Tuesday's post didn't say precisely what would be included in the next dispatch. A previous post, however, claimed Shadow Brokers possessed 75 percent of the NSA's arsenal. It said future releases might include:
Web browser, router, handset exploits, and tools
select items from newer Ops Disks, including newer exploits for Windows 10
compromised network data from more SWIFT providers and Central banks
compromised network data from Russian, Chinese, Iranian, or North Korean nukes and missile programs
For an anonymous hacking group, the Shadow Brokers have, so far, an unusually reliable record of delivering on earlier threats. That history isn't lost on security professionals who want to ensure they get access to Shadow Brokers releases at the same time less ethical hackers receive them. Then again, there may be reason to believe the mysterious group may finally be nearing the exhaustion of its cache of stolen weapons. Around the same time Tuesday's post was published, the Shadow Brokers moved the $24,000 worth of bitcoins it made in previous auctions to a series of new wallets, presumably in an attempt to obfuscate where they ultimately wind up. Some researchers have taken the move as a sign the Shadow Brokers are tying up loose ends now, before it becomes common knowledge that their cache of NSA exploits has dried up.

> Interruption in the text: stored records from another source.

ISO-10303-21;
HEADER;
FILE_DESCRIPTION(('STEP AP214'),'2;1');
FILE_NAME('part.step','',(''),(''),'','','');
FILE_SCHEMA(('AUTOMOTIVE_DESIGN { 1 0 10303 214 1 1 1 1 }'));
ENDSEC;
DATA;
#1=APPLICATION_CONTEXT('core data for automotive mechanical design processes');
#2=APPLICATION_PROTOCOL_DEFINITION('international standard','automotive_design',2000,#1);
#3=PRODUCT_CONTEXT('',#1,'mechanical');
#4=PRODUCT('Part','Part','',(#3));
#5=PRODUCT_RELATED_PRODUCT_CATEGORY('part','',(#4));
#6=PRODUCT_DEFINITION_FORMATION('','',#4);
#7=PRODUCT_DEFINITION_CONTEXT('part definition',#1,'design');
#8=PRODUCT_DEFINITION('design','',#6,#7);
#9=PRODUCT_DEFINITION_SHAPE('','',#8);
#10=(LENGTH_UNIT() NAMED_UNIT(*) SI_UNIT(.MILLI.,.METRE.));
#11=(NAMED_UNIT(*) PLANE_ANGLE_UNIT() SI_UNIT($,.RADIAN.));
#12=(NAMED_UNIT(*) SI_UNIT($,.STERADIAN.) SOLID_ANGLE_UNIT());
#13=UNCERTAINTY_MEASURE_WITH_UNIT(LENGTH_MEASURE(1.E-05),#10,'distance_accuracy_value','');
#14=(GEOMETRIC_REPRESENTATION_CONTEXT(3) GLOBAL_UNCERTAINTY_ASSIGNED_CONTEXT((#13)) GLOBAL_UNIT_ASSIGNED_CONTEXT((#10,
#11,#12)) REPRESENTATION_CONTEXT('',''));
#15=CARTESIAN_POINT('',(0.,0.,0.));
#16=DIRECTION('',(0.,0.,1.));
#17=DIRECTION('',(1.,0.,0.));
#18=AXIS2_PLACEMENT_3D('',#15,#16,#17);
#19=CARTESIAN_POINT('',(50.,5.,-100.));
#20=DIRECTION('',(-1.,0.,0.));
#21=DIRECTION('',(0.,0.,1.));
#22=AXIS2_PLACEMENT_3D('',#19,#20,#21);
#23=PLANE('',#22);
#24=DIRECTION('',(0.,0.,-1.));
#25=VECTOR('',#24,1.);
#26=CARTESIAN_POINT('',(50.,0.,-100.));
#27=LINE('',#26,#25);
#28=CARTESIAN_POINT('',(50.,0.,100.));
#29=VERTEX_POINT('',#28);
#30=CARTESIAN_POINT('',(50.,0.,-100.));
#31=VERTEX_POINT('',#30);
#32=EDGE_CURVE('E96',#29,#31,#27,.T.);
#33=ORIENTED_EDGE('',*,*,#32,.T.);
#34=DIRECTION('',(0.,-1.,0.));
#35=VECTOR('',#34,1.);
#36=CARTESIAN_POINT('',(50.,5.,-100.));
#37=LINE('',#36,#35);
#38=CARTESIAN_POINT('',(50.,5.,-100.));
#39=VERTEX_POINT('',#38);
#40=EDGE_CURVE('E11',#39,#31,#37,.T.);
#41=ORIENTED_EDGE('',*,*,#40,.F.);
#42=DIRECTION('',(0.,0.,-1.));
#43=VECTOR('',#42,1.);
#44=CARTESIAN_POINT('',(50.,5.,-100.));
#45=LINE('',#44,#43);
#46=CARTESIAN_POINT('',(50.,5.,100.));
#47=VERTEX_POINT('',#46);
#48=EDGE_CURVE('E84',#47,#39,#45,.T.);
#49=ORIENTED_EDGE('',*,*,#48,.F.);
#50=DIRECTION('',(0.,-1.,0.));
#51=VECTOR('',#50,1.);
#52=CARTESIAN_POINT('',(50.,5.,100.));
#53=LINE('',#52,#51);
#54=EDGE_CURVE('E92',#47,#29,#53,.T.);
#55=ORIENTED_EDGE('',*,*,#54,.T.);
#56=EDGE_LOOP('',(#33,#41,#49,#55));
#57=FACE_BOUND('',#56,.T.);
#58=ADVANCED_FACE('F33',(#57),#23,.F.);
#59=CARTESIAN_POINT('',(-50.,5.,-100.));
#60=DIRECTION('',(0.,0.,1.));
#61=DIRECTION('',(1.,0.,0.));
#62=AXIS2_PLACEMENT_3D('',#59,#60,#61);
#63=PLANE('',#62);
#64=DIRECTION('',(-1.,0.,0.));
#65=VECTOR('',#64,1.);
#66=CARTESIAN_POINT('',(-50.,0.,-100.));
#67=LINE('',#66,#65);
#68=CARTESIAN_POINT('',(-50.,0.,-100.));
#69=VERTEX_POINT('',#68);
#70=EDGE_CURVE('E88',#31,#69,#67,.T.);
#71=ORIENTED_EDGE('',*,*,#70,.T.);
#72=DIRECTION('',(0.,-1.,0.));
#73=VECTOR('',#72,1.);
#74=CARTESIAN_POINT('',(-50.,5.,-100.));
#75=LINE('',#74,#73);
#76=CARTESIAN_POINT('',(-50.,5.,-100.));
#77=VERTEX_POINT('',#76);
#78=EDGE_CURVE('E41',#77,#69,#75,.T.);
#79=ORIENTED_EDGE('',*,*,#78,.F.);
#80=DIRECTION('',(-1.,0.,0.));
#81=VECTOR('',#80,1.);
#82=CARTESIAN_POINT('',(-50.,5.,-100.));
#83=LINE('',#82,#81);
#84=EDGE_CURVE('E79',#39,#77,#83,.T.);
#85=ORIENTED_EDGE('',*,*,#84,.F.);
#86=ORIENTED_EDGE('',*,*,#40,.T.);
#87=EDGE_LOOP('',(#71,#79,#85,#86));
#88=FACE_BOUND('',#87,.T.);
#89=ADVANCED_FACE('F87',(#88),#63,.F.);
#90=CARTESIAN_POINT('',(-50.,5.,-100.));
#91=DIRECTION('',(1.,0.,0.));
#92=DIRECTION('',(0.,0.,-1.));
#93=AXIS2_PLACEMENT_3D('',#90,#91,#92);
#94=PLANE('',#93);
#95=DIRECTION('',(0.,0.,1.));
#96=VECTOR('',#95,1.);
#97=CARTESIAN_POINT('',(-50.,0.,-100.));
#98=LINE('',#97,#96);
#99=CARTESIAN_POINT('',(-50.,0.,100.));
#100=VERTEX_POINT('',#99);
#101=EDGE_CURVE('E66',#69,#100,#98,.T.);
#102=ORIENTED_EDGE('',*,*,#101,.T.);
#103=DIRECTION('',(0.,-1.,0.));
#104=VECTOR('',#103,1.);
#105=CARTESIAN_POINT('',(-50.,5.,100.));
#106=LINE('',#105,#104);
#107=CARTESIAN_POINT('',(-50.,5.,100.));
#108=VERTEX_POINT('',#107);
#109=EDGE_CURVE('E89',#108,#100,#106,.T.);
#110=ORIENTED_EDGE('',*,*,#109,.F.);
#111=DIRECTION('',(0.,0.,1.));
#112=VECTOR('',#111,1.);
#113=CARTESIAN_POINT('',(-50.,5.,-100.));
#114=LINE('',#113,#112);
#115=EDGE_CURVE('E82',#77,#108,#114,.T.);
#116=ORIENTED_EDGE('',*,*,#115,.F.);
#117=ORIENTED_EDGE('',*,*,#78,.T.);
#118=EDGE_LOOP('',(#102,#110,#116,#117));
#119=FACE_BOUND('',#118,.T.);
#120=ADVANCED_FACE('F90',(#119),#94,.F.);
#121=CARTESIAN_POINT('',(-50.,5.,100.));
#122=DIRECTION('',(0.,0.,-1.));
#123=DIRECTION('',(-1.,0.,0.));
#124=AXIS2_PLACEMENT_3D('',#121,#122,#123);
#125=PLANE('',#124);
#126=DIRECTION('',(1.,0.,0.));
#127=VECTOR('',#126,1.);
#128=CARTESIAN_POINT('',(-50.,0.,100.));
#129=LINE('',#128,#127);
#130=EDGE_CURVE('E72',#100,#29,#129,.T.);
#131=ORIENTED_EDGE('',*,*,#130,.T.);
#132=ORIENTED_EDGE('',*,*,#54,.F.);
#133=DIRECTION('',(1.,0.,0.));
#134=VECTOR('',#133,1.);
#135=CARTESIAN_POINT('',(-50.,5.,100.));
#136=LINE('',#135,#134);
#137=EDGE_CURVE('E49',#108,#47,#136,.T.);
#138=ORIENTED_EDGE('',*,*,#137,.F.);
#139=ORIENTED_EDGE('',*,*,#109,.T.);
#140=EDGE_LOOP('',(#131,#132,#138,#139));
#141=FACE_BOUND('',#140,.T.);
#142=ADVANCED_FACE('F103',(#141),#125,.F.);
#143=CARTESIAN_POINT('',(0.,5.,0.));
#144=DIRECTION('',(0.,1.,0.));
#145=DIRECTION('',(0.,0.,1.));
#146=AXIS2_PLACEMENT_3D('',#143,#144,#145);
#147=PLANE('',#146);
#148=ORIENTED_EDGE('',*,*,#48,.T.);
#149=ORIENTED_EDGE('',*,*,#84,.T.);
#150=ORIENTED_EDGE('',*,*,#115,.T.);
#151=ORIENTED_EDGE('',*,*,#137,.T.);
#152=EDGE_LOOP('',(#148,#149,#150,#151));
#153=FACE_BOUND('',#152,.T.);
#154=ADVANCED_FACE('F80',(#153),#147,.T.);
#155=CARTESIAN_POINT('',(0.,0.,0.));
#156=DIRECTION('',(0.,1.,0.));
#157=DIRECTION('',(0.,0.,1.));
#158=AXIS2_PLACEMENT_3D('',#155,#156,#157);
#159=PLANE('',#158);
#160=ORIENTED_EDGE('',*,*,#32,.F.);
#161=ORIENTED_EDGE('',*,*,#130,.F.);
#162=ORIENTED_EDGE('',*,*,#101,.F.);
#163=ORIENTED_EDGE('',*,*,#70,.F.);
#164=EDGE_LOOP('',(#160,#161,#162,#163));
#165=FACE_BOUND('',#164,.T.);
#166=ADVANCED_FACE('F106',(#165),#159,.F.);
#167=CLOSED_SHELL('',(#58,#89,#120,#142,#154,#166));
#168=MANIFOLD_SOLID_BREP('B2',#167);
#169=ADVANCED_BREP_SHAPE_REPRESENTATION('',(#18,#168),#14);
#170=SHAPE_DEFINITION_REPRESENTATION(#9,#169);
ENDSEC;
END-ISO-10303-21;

The take-away from all of this is that the Shadow Brokers are forcing a gamble on whitehats with previously unimaginable risks. Perhaps the least-distasteful option is for whitehats to agree to pay a single subscription fee and share any proceeds as widely as possible. NSA officials should also strongly consider reporting as many of the underlying vulnerabilities in its arsenal as possible.

The price for completely boycotting the auction is the very real possibility of getting caught flat-footed in a malware outbreak that could rival the one brought about by WCry. The almost equally unattractive alternative is to pay the fee and live with the knowledge that that move is precisely what the group has been seeking all along, while possibly risking that the group won't deliver the release as promised.

Tuesday's dispatch is prompting plenty of soul-searching in private security circles. One can only imagine it's generating intense debate inside of Fort Meade, too.